The other addition to the Dutch painting collection is Meindert Hobbema's A Wooded Landscape with Figures (c. 1658) from the Corcoran's William A. Clark Collection, adding a new dimension to the National Gallery's early Hobbema holdings.

French Paintings
Alongside the group of French paintings from the Corcoran accessioned earlier this year, these 20 paintings expand the National Gallery's holdings of 19th-century art, and landscape painting in particular. Reflecting a late 19th-century American taste for French paintings, the group includes works by Camille Corot, Eugene Isabey, Charles-François Daubigny, and Adolphe Joseph Thomas Monticelli, all popular with collectors like William A. Clark.

Four landscapes by Jean-Charles Cazin are added to the five accessioned in the earlier group, constituting a major collection by this artist who was inspired by both Barbizon school painters in the forest of Fontainebleau, where they were centered, as well as by impressionists. His sensitive, tonal landscapes are in line with later 19th-century symbolist renderings of the light and atmosphere of the French countryside.

Modern Art
The 11 works of modern art are dominated by representatives of the Washington Color School, including Leon Berkowitz, Thomas Downing, and Howard Mehring, as well as two paintings by Jack Bush, a Canadian member of the color field movement. Other accessions include a mixed media piece called Ornithology by Stella Waitzkin, an abstract painting by Irene Rice Pereira, and a red plexiglas sculpture by Washington artist Mimi Herbert.

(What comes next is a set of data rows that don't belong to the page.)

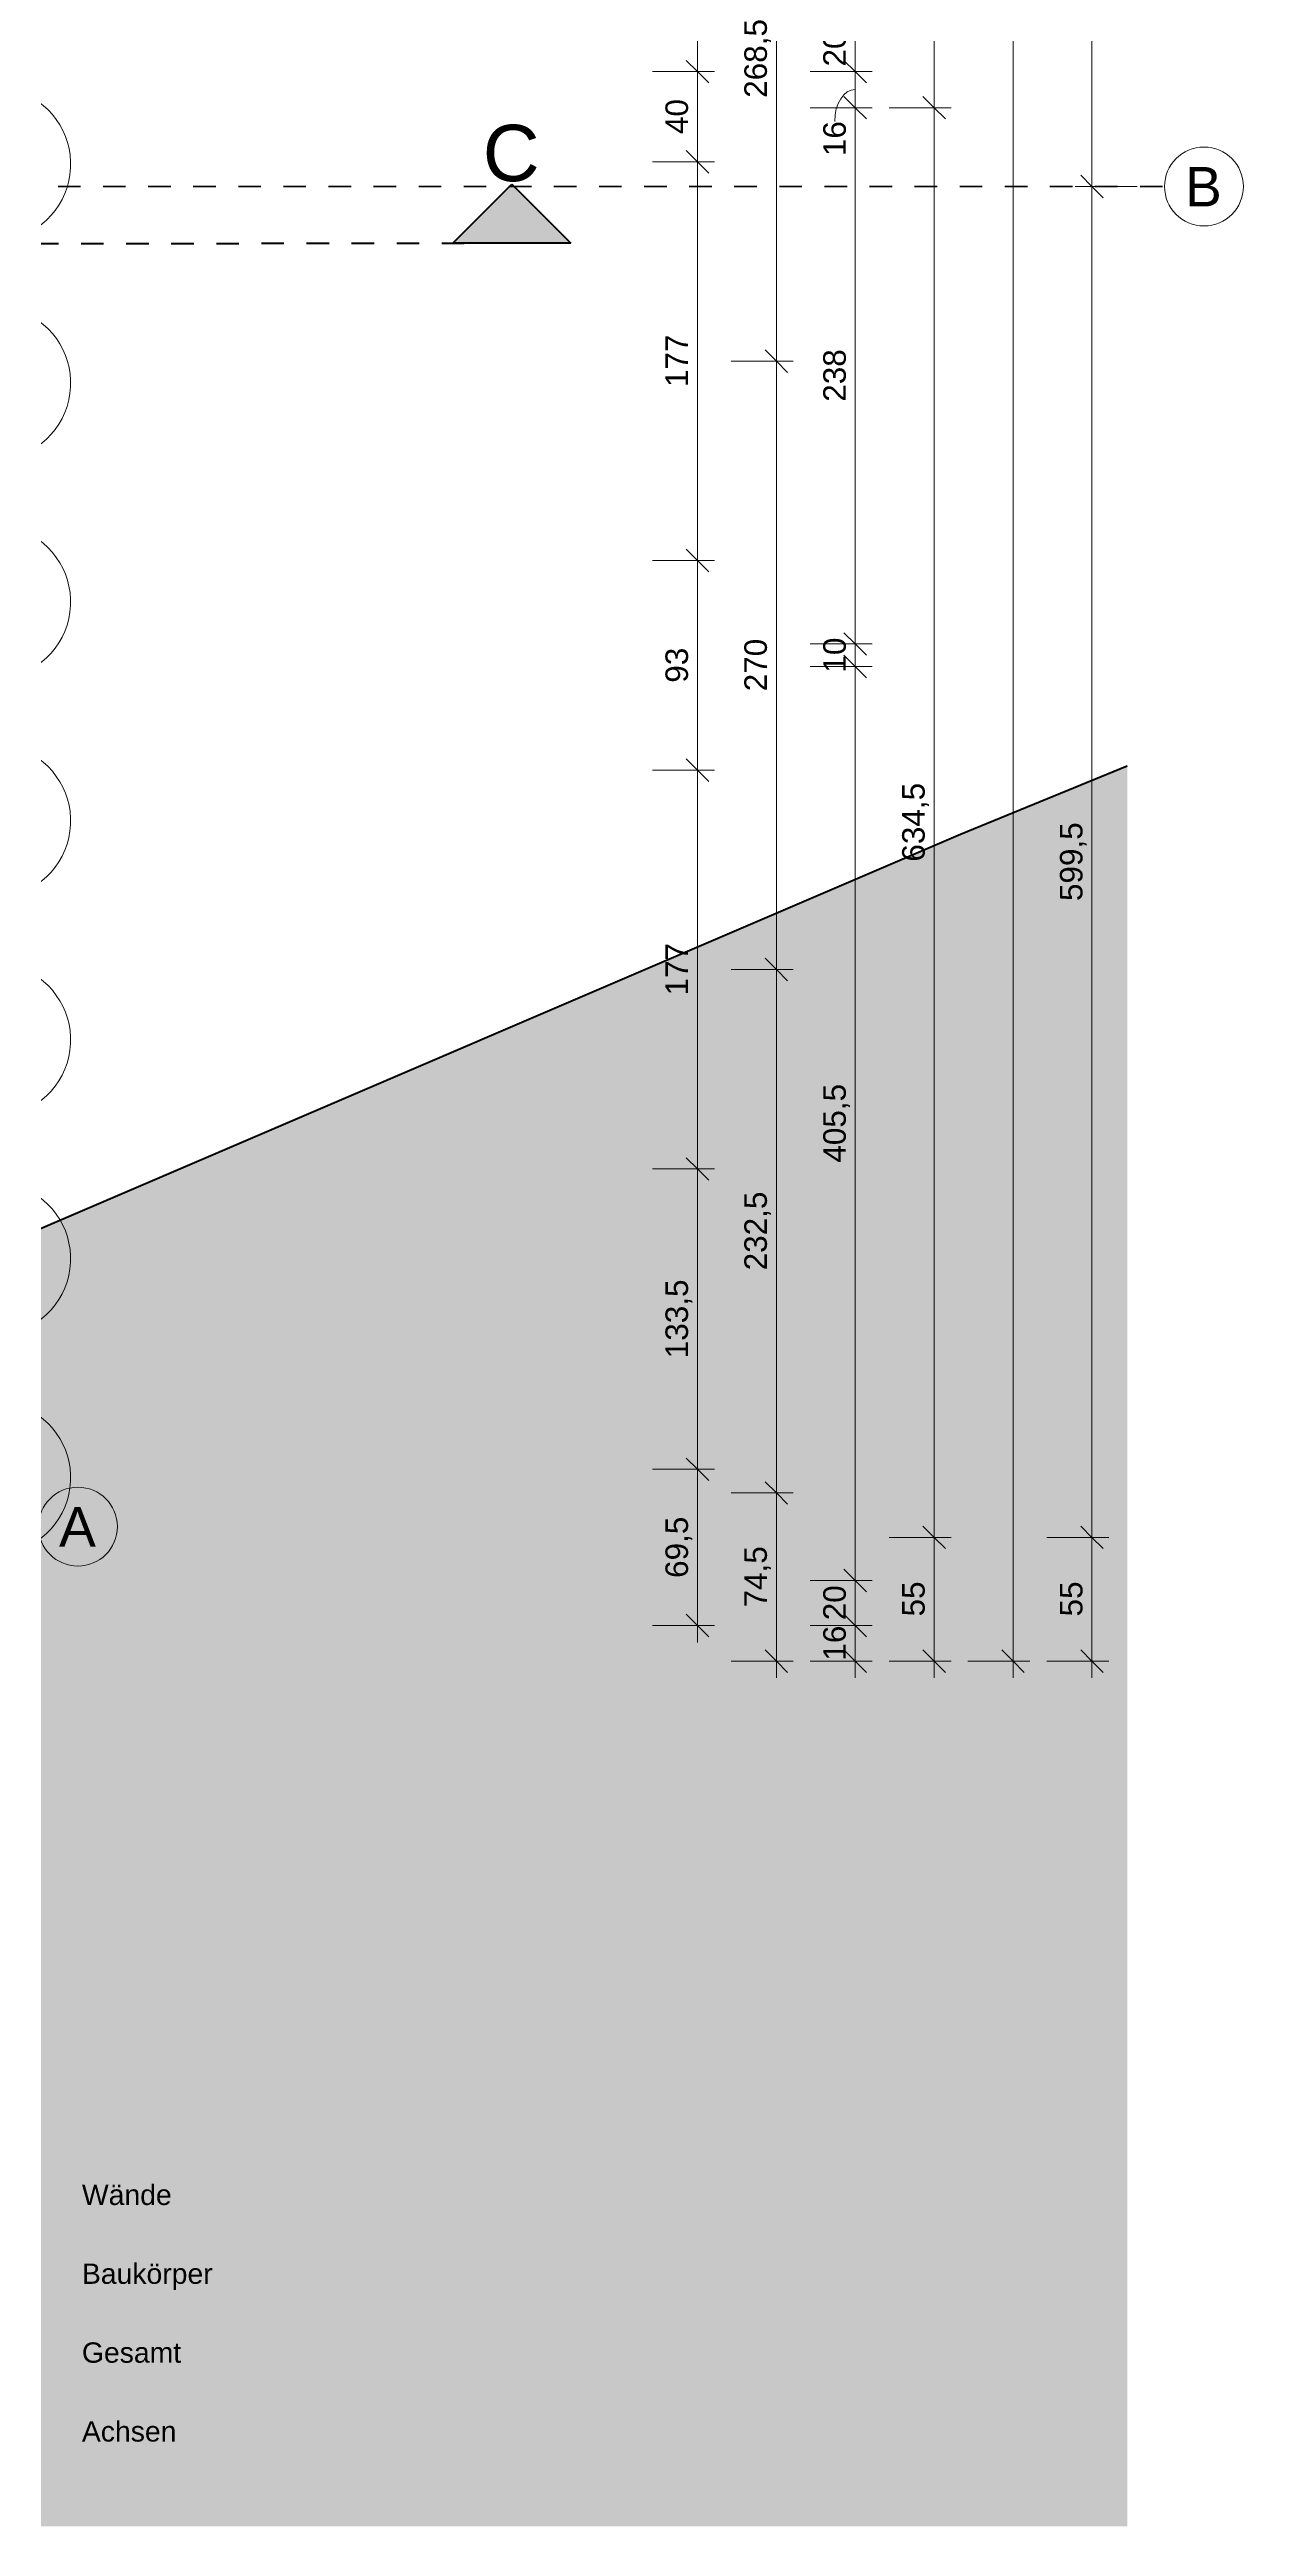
# Model space of a CAD drawing. Header units: metres. Extents: x -67.4 to -27.2, y 43.9 to 89.6.
# Drawn here: x -37.08 to -31.78, y 44.73 to 55.73 of the extents above; entities that cross this region are included whole.
import ezdxf

# ---------------------------------------------------------------- set-up
doc = ezdxf.new("R2010")
doc.units = ezdxf.units.M
doc.linetypes.add('Achse', pattern=[0.009, 0.005, -0.002, 0, -0.002])
doc.linetypes.add('Strich Punkt Mittel', pattern=[0.015875, 0.00635, -0.004763, 0, -0.004763])
for name, color, linetype, lineweight in [('A-DETL-GENF_', 92, 'Continuous', 13), ('A_2D', 7, 'Continuous', 13), ('A_Bemassung-50_', 4, 'Continuous', 9), ('A_Bemassung_', 4, 'Continuous', 9), ('A_Beschriftung_', 7, 'Continuous', 9), ('A_Gelaender', 7, 'Continuous', 13), ('A_Grundstuecksgrenze', 5, 'Continuous', 70), ('A_Raster_', 1, 'Continuous', 9), ('G-ANNO-REVC_', 71, 'Continuous', 9), ('G-ANNO-SYMB_', 111, 'Continuous', 9)]:
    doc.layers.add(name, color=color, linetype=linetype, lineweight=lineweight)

Prints, Drawings, and Watercolors
Among the 1,508 prints, drawings, and watercolors selected for acquisition is Le Ventre Législatif, February 5, 1834, a large, early major lithograph depicting caricatures of politicians deliberating in the bowels of the French legislature by Honoré Daumier. It is accompanied by some 1,229 additional prints on many topics by Daumier, adding to 1,171 paintings, sculptures, prints, drawings, and watercolors by the renowned French artist already in the National Gallery's collection.

The most significant old master works are St. Christopher Carrying the Christ Child (c. 1495/1500), an uncommon woodcut by a member of the School of Albrecht Dürer, and Baccio Bandinelli's pen-and-ink Two Male Nude Figures (c. 1520), a distinctive drawing by one of the great Florentine sculptors of the 16th century.

Jean-François Millet's etching of Les Glaneuses (The Gleaners) (1855) predates by two years his famous and sensitive painting of peasant women laboring in the fields.

An extraordinarily beautiful, light-filled watercolor, Alma Thomas's Spring Fantasy (1963) is like none of her other works in the National Gallery's collection. In Nude with Yellow Pillow (1994), Roy Lichtenstein juxtaposed the curvaceous form of a nude with an eccentrically shaped sculpture on a nearby table, calling to mind his statement that the nude gave him a "good excuse to contrast undulating and volumetric form with rigid geometry."

Corcoran Works On View at the National Gallery of Art
Currently, there are 58 works from the Corcoran Collection on view at the National Gallery of Art, including American paintings ranging from Frederic Edwin Church's magnificent Niagara (1857) to Mary Cassatt's Young Girl at a Window (c. 1883-1884); sculptures and decorative art objects, including American artist Hiram Powers's classical marble The Greek Slave (modeled 1841-1843, carved 1846) and a diverse selection of the colorful, tin-glazed, Italian Renaissance earthenware known as maiolica; French paintings, including Edgar Degas's masterful The Dance Class (c. 1873); and Dutch works from the Leiden school, one of which is Gerrit Dou's engaging oval painting Bust of a Man (c. 1645).